Sorting of the vesicular GABA transporter to functional vesicle pools by an atypical dileucine-like motif.

Increasing evidence indicates that individual synaptic vesicle proteins may use different signals, endocytic adaptors, and trafficking pathways for sorting to distinct pools of synaptic vesicles. Here, we report the identification of a unique amino acid motif in the vesicular GABA transporter (VGAT) that controls its synaptic localization and activity-dependent recycling. Mutational analysis of this atypical dileucine-like motif in rat VGAT indicates that the transporter recycles by interacting with the clathrin adaptor protein AP-2. However, mutation of a single acidic residue upstream of the dileucine-like motif leads to a shift to an AP-3-dependent trafficking pathway that preferentially targets the transporter to the readily releasable and recycling pool of vesicles. Real-time imaging with a VGAT-pHluorin fusion provides a useful approach to explore how unique sorting sequences target individual proteins to synaptic vesicles with distinct functional properties.

Concurrent imaging of synaptic vesicle recycling and calcium dynamics.

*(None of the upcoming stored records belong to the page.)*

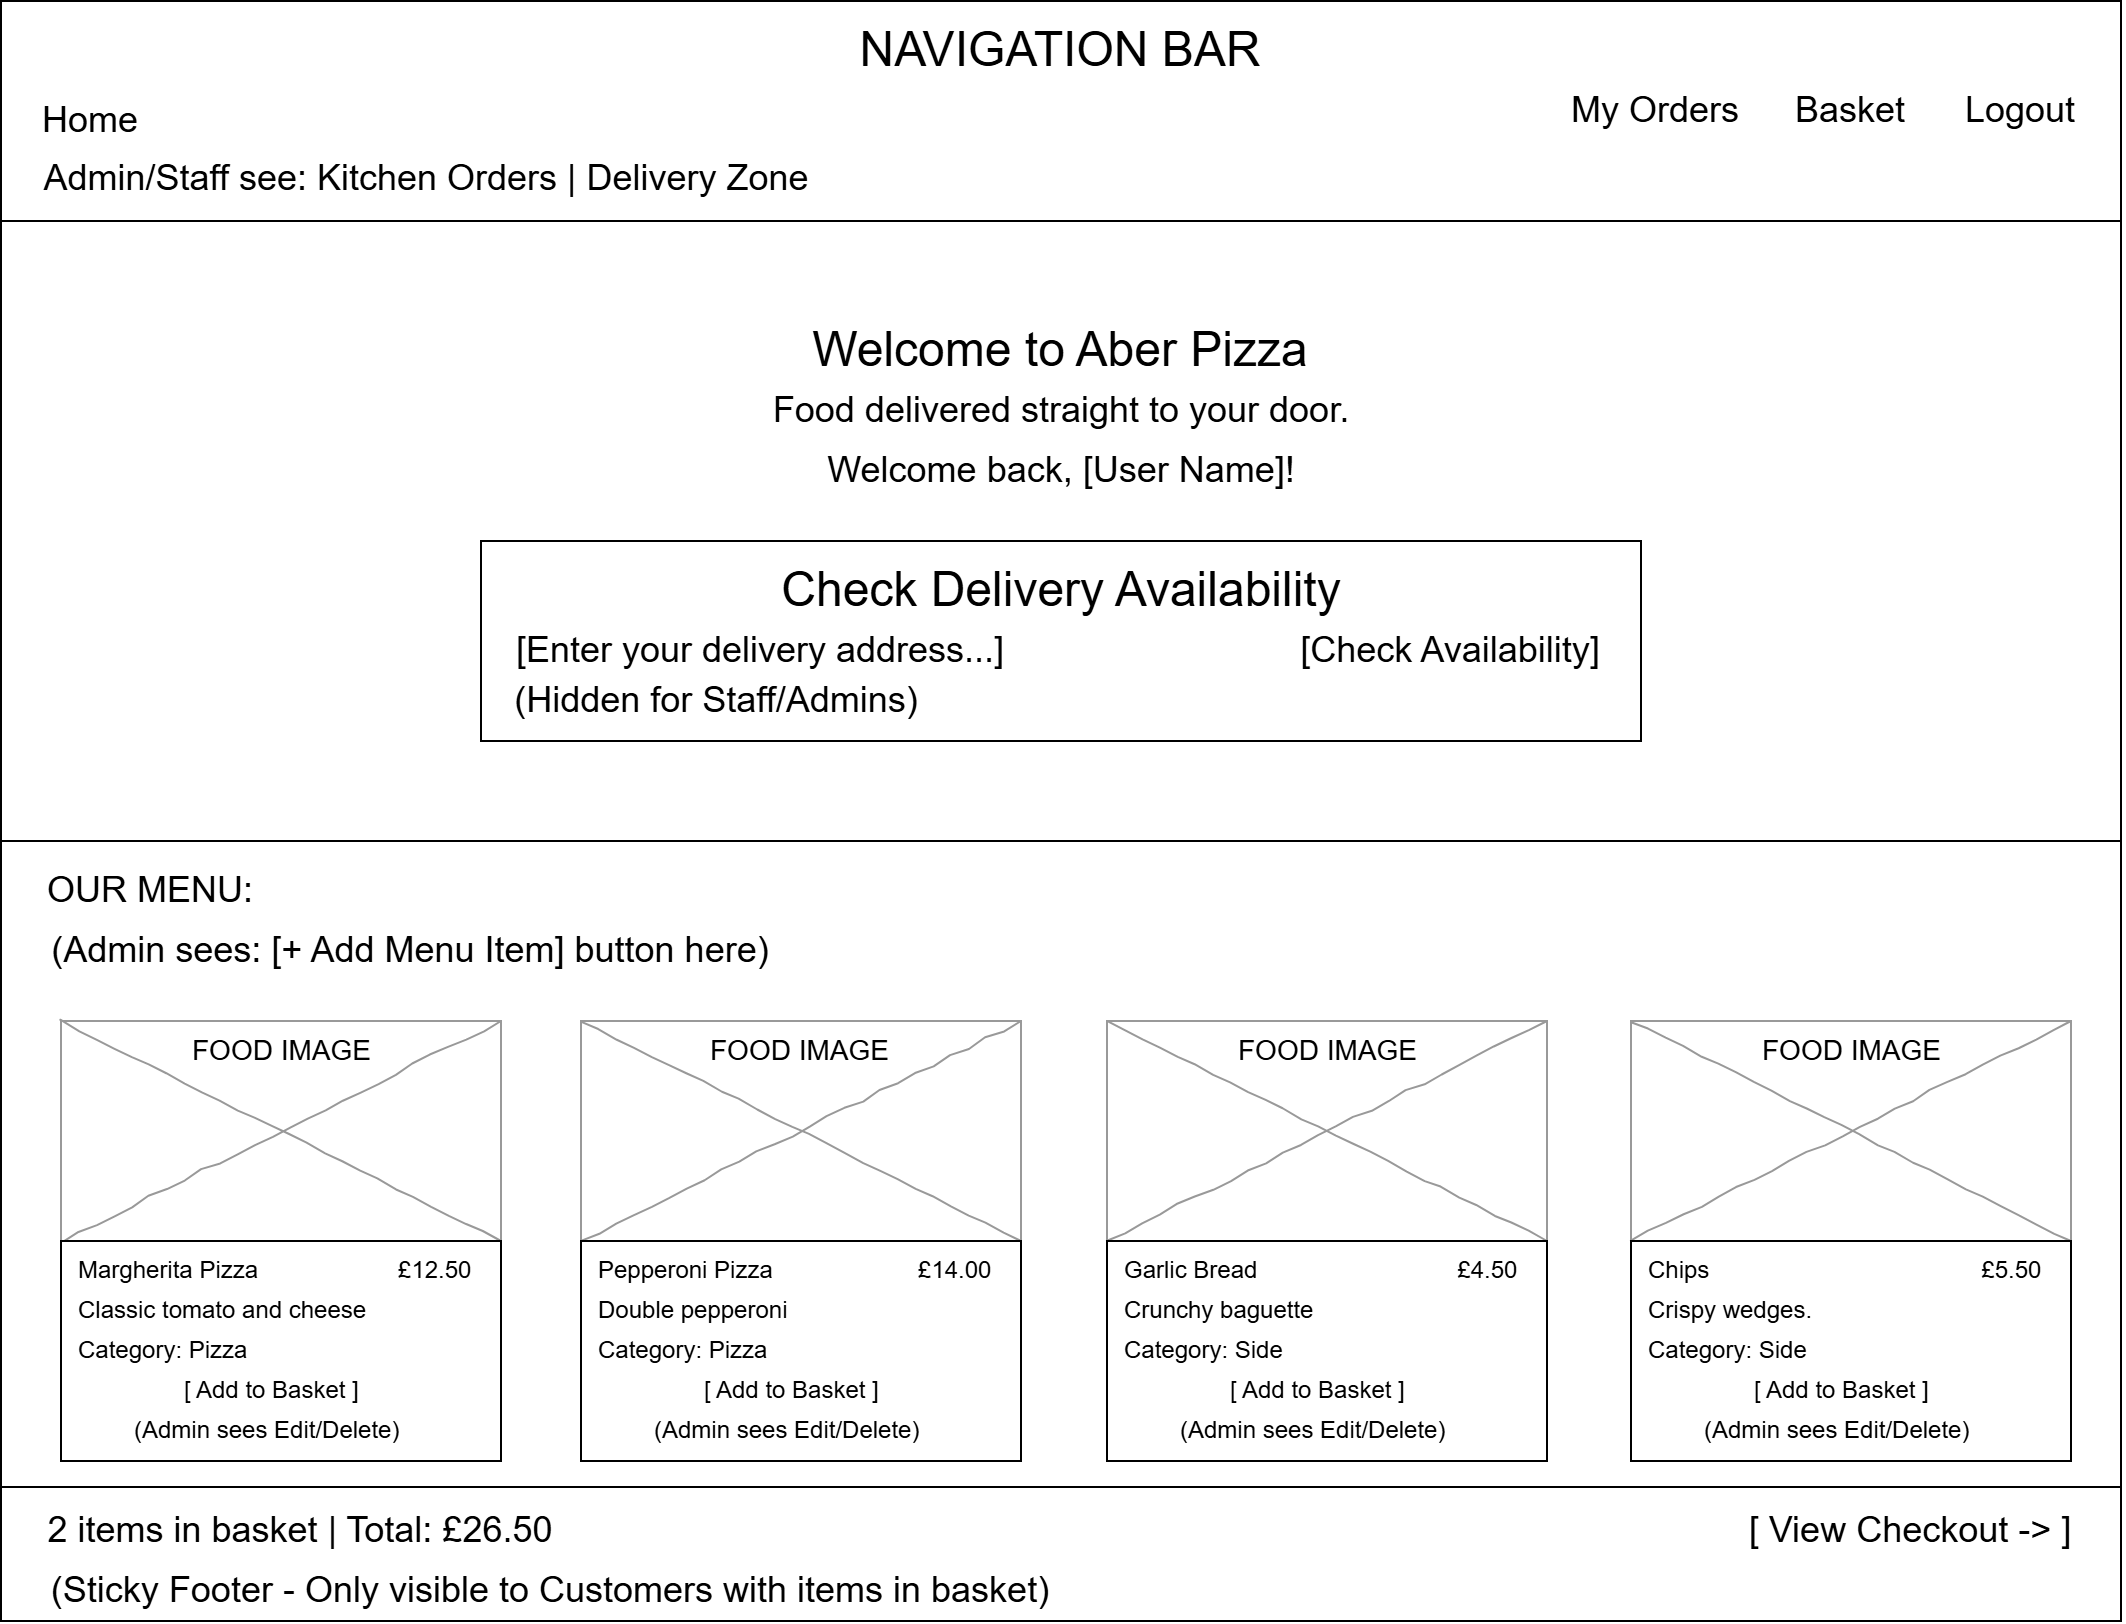

The diagram above was exported from draw.io. Its source (the exported page's mxGraphModel, read from the mxfile embedded in the PNG):
<mxGraphModel dx="1083" dy="1069" grid="1" gridSize="10" guides="1" tooltips="1" connect="1" arrows="1" fold="1" page="1" pageScale="1" pageWidth="1100" pageHeight="850" background="#ffffff" math="0" shadow="0">
  <root>
    <mxCell id="0" />
    <mxCell id="1" parent="0" />
    <mxCell id="gFnvEG5HCYMSW6o4Uvlt-2" parent="1" style="rounded=0;whiteSpace=wrap;html=1;" value="" vertex="1">
      <mxGeometry height="810" width="1060" x="20" y="20" as="geometry" />
    </mxCell>
    <mxCell id="677b7b8949515195-16" parent="1" style="verticalLabelPosition=bottom;shadow=0;dashed=0;align=center;html=1;verticalAlign=top;strokeWidth=1;shape=mxgraph.mockup.graphics.simpleIcon;strokeColor=#999999;rounded=0;labelBackgroundColor=none;fontFamily=Verdana;fontSize=14;fontColor=#000000;comic=1;" value="" vertex="1">
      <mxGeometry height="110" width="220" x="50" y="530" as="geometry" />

Synaptic transmission involves the calcium dependent release of neurotransmitter from synaptic vesicles. Genetically encoded optical probes emitting different wavelengths of fluorescent light in response to neuronal activity offer a powerful approach to understand the spatial and temporal relationship of calcium dynamics to the release of neurotransmitter in defined neuronal populations. To simultaneously image synaptic vesicle recycling and changes in cytosolic calcium, we developed a red-shifted reporter of vesicle recycling based on a vesicular glutamate transporter, VGLUT1-mOrange2 (VGLUT1-mOr2), and a presynaptically localized green calcium indicator, synaptophysin-GCaMP3 (SyGCaMP3) with a large dynamic range. The fluorescence of VGLUT1-mOr2 is quenched by the low pH of synaptic vesicles. Exocytosis upon electrical stimulation exposes the luminal mOr2 to the neutral extracellular pH and relieves fluorescence quenching. Reacidification of the vesicle upon endocytosis again reduces fluorescence intensity. Changes in fluorescence intensity thus monitor synaptic vesicle exo- and endocytosis, as demonstrated previously for the green VGLUT1-pHluorin. To monitor changes in calcium, we fused the synaptic vesicle protein synaptophysin to the recently improved calcium indicator GCaMP3. SyGCaMP3 is targeted to presynaptic varicosities, and exhibits changes in fluorescence in response to electrical stimulation consistent with changes in calcium concentration. Using real time imaging of both reporters expressed in the same synapses, we determine the time course of changes in VGLUT1 recycling in relation to changes in presynaptic calcium concentration. Inhibition of P/Q- and N-type calcium channels reduces calcium levels, as well as the rate of synaptic vesicle exocytosis and the fraction of vesicles released.